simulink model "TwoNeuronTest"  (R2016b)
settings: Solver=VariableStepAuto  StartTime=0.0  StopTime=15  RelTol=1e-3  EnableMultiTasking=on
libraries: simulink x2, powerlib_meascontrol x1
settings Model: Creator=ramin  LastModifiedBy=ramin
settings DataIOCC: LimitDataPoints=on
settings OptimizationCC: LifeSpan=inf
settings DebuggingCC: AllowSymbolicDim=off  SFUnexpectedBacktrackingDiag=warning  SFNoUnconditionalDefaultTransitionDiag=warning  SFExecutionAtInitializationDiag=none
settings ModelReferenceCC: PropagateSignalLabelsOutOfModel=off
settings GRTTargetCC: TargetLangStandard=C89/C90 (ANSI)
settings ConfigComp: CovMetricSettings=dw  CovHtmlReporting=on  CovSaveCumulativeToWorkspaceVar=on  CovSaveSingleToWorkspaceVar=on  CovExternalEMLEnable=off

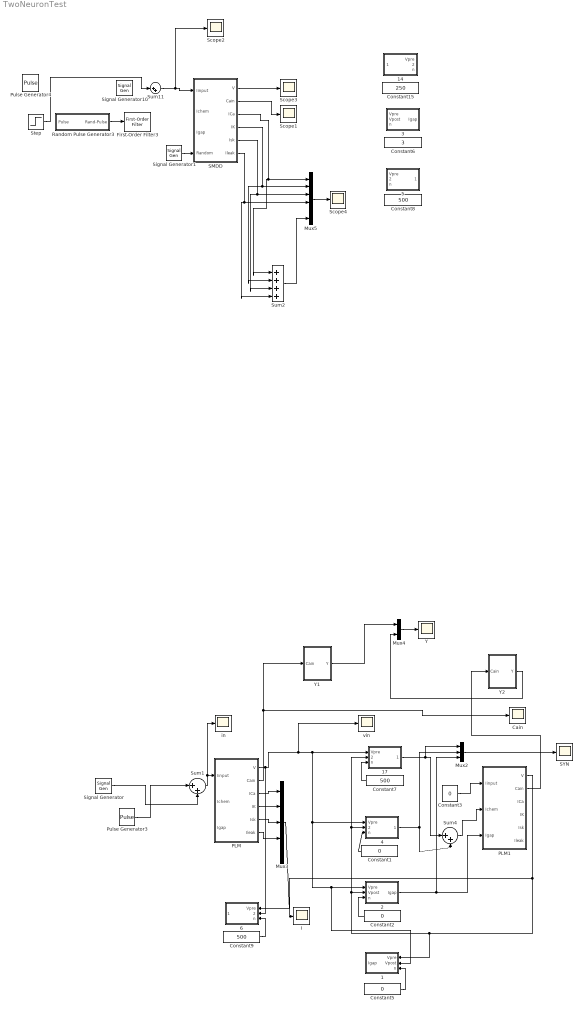
== system TwoNeuronTest ==
  1 : Subsystem
  14 : Subsystem
  17 : Subsystem
  2 : Subsystem
  3 : Subsystem
  4 : Subsystem
  5 : Subsystem
  6 : Subsystem
  Cain : Scope
  Constant{1..3,5} (4 alike) : Constant  Value=0
  Constant15 : Constant  Value=250
  Constant6 : Constant  Value=3
  Constant7 : Constant  Value=500
  Constant8 : Constant  Value=500
  Constant9 : Constant  Value=500
  First-Order Filter3 : powerlib_meascontrol/Filters/First-Order Filter  FilterType=Lowpass  Tc=1  Ts=0  Initialize=off  Vac_Init=[0, 0, 60]  Vdc_Init=0  PlotResponse=off  FreqRange="[0,  200,  1]"
  I : Scope
  Mux2 : Mux  Inputs=3
  Mux3 : Mux  Inputs=5
  Mux4 : Mux  Inputs=2
  Mux5 : Mux  Inputs=6
  PLM : Subsystem
  PLM1 : Subsystem
  Pulse Generator3 : DiscretePulseGenerator  PulseType=Time based  Amplitude=2500  Period=20  PulseWidth=50  PhaseDelay=2
  Pulse Generator4 : DiscretePulseGenerator  PulseType=Time based  Amplitude=2000  Period=200  PulseWidth=80  PhaseDelay=2
  Random Pulse Generator3 : Subsystem
  SMDD : Subsystem
  SYN : Scope
  Scope{1..4} (4 alike) : Scope
  Signal Generator : SignalGenerator  WaveForm=random  Amplitude=0  Frequency=1000000
  Signal Generator1 : SignalGenerator  WaveForm=random  Amplitude=0.5
  Signal Generator10 : SignalGenerator  WaveForm=random  Amplitude=0  Frequency=100
  Step : Step  Time=50  After=2000  SampleTime=0
  Sum1 : Sum  Inputs=|++
  Sum11 : Sum  Inputs=|++
  Sum2 : Sum  Inputs=|++++
  Sum4 : Sum  Inputs=|++
  Y : Scope
  Y1 : Subsystem
  Y2 : Subsystem
  in : Scope
  vin : Scope
  wires:
  PLM/2("Cain ") -> Cain/1, Y1/1(Cain)
  Sum4/1 -> PLM1/2(Ichem)
  Constant1/1 -> 4/3(n)
  Constant7/1 -> 17/3(n)
  Constant2/1 -> 2/3(n)
  4/1(Ichem) -> Sum4/2, Mux2/2
  PLM1/1(V) -> 6/1(Vpre), 1/1(Vpre), 17/2(Vpost), 4/2(Vpost), 2/2(Vpost)
  17/1(Ichem) -> Mux2/1, Sum4/1
  Constant3/1 -> PLM1/1(Iinput)
  PLM1/2("Cain ") -> Y2/1(Cain)
  PLM/1(V) -> vin/1, 17/1(Vpre), 4/1(Vpre), 1/2(Vpost), 2/1(Vpre), 6/2(Vpost)
  2/1(Igap) -> PLM1/3(Igap), Mux2/3
  Mux2/1 -> SYN/1
  Mux3/1 -> I/1
  PLM/3(ICa) -> Mux3/1
  PLM/4(IK) -> Mux3/2
  PLM/5(Isk) -> Mux3/3
  PLM/6(Ileak) -> Mux3/4
  Constant5/1 -> 1/3(n)
  Sum1/1 -> in/1, PLM/1(Iinput)
  Pulse Generator3/1 -> Sum1/1
  Signal Generator/1 -> Sum1/2
  Y1/1(Y) -> Mux4/1
  Mux4/1 -> Y/1
  Y2/1(Y) -> Mux4/2
  Signal Generator1/1 -> SMDD/4(Random)
  Random Pulse Generator3/1(Rand-Pulse) -> First-Order Filter3/1
  Sum11/1 -> Scope2/1, SMDD/1(Iinput)
  Step/1 -> Sum11/1
  SMDD/1(V) -> Scope3/1
  SMDD/2("Cain ") -> Scope1/1
  SMDD/3(ICa) -> Sum2/1, Mux5/1
  SMDD/4(IK) -> Sum2/2, Mux5/2
  SMDD/5(Isk) -> Sum2/3, Mux5/3
  SMDD/6(Ileak) -> Sum2/4, Mux5/4
  Sum2/1 -> Mux5/6
  Mux5/1 -> Scope4/1
  Constant9/1 -> 6/3(n)

== system TwoNeuronTest/1 ==
  Vpre : Inport
  Vpost : Inport  Port=2
  n : Inport  Port=3
  Ggap : Constant  Value=1.02
  Product2 : Product  Inputs=3
  Sum6 : Sum  Inputs=|+-
  Igap : Outport
  wires:
  Vpre/1 -> Sum6/1
  n/1 -> Product2/2
  Sum6/1 -> Product2/1
  Product2/1 -> Igap/1  "Igap"
  Vpost/1 -> Sum6/2
  Ggap/1 -> Product2/3

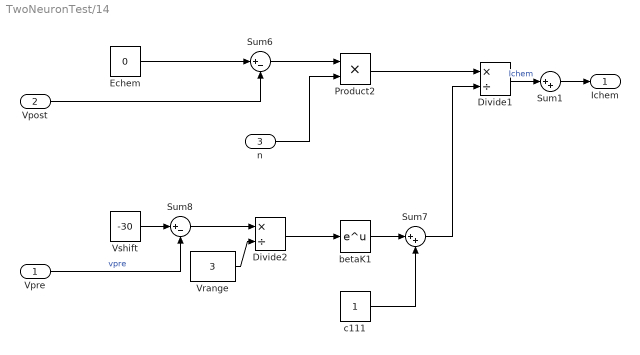
== system TwoNeuronTest/14 ==
  Vpre : Inport
  Vpost : Inport  Port=2
  n : Inport  Port=3
  Divide1 : Product  Inputs=*/
  Divide2 : Product  Inputs=*/
  Echem : Constant  Value=0
  Product2 : Product
  Sum1 : Sum  Inputs=|++
  Sum6 : Sum  Inputs=|+-
  Sum7 : Sum  Inputs=|++
  Sum8 : Sum  Inputs=|+-
  Vrange : Constant  Value=3
  Vshift : Constant  Value=-30
  betaK1 : Math  SaturateOnIntegerOverflow=on
  c111 : Constant
  Ichem : Outport
  wires:
  Echem/1 -> Sum6/1
  n/1 -> Product2/2
  Sum6/1 -> Product2/1
  Product2/1 -> Divide1/1
  betaK1/1 -> Sum7/1
  c111/1 -> Sum7/2
  Vshift/1 -> Sum8/1
  Vpre/1 -> Sum8/2  "vpre"
  Sum8/1 -> Divide2/1
  Vrange/1 -> Divide2/2
  Divide2/1 -> betaK1/1
  Sum7/1 -> Divide1/2
  Divide1/1 -> Sum1/1  "Ichem"
  Vpost/1 -> Sum6/2
  Sum1/1 -> Ichem/1

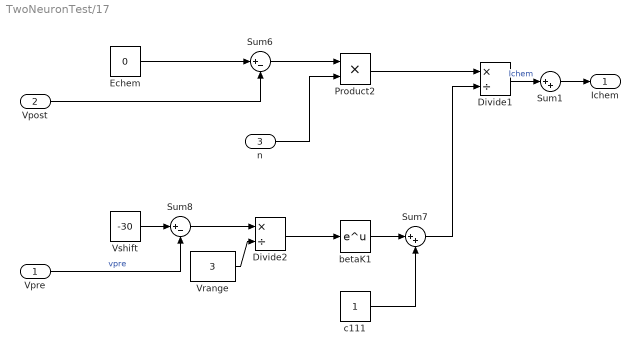
== system TwoNeuronTest/17 ==
  Vpre : Inport
  Vpost : Inport  Port=2
  n : Inport  Port=3
  Divide1 : Product  Inputs=*/
  Divide2 : Product  Inputs=*/
  Echem : Constant  Value=0
  Product2 : Product
  Sum1 : Sum  Inputs=|++
  Sum6 : Sum  Inputs=|+-
  Sum7 : Sum  Inputs=|++
  Sum8 : Sum  Inputs=|+-
  Vrange : Constant  Value=3
  Vshift : Constant  Value=-30
  betaK1 : Math  SaturateOnIntegerOverflow=on
  c111 : Constant
  Ichem : Outport
  wires:
  Echem/1 -> Sum6/1
  n/1 -> Product2/2
  Sum6/1 -> Product2/1
  Product2/1 -> Divide1/1
  betaK1/1 -> Sum7/1
  c111/1 -> Sum7/2
  Vshift/1 -> Sum8/1
  Vpre/1 -> Sum8/2  "vpre"
  Sum8/1 -> Divide2/1
  Vrange/1 -> Divide2/2
  Divide2/1 -> betaK1/1
  Sum7/1 -> Divide1/2
  Divide1/1 -> Sum1/1  "Ichem"
  Vpost/1 -> Sum6/2
  Sum1/1 -> Ichem/1

== system TwoNeuronTest/2 ==
  Vpre : Inport
  Vpost : Inport  Port=2
  n : Inport  Port=3
  Ggap : Constant  Value=1.02
  Product2 : Product  Inputs=3
  Sum6 : Sum  Inputs=|+-
  Igap : Outport
  wires:
  Vpre/1 -> Sum6/1
  n/1 -> Product2/2
  Sum6/1 -> Product2/1
  Product2/1 -> Igap/1  "Igap"
  Vpost/1 -> Sum6/2
  Ggap/1 -> Product2/3

== system TwoNeuronTest/3 ==
  Vpre : Inport
  Vpost : Inport  Port=2
  n : Inport  Port=3
  Ggap : Constant  Value=10
  Product2 : Product  Inputs=3
  Sum6 : Sum  Inputs=|+-
  Igap : Outport
  wires:
  Vpre/1 -> Sum6/1
  n/1 -> Product2/2
  Sum6/1 -> Product2/1
  Product2/1 -> Igap/1  "Igap"
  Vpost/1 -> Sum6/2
-------------------------
=== Action item ===
Read the material above and copy out each line holding "Amplitude".

=== Result ===
  Pulse Generator3 : DiscretePulseGenerator  PulseType=Time based  Amplitude=2500  Period=20  PulseWidth=50  PhaseDelay=2
  Pulse Generator4 : DiscretePulseGenerator  PulseType=Time based  Amplitude=2000  Period=200  PulseWidth=80  PhaseDelay=2
  Signal Generator : SignalGenerator  WaveForm=random  Amplitude=0  Frequency=1000000
  Signal Generator1 : SignalGenerator  WaveForm=random  Amplitude=0.5
  Signal Generator10 : SignalGenerator  WaveForm=random  Amplitude=0  Frequency=100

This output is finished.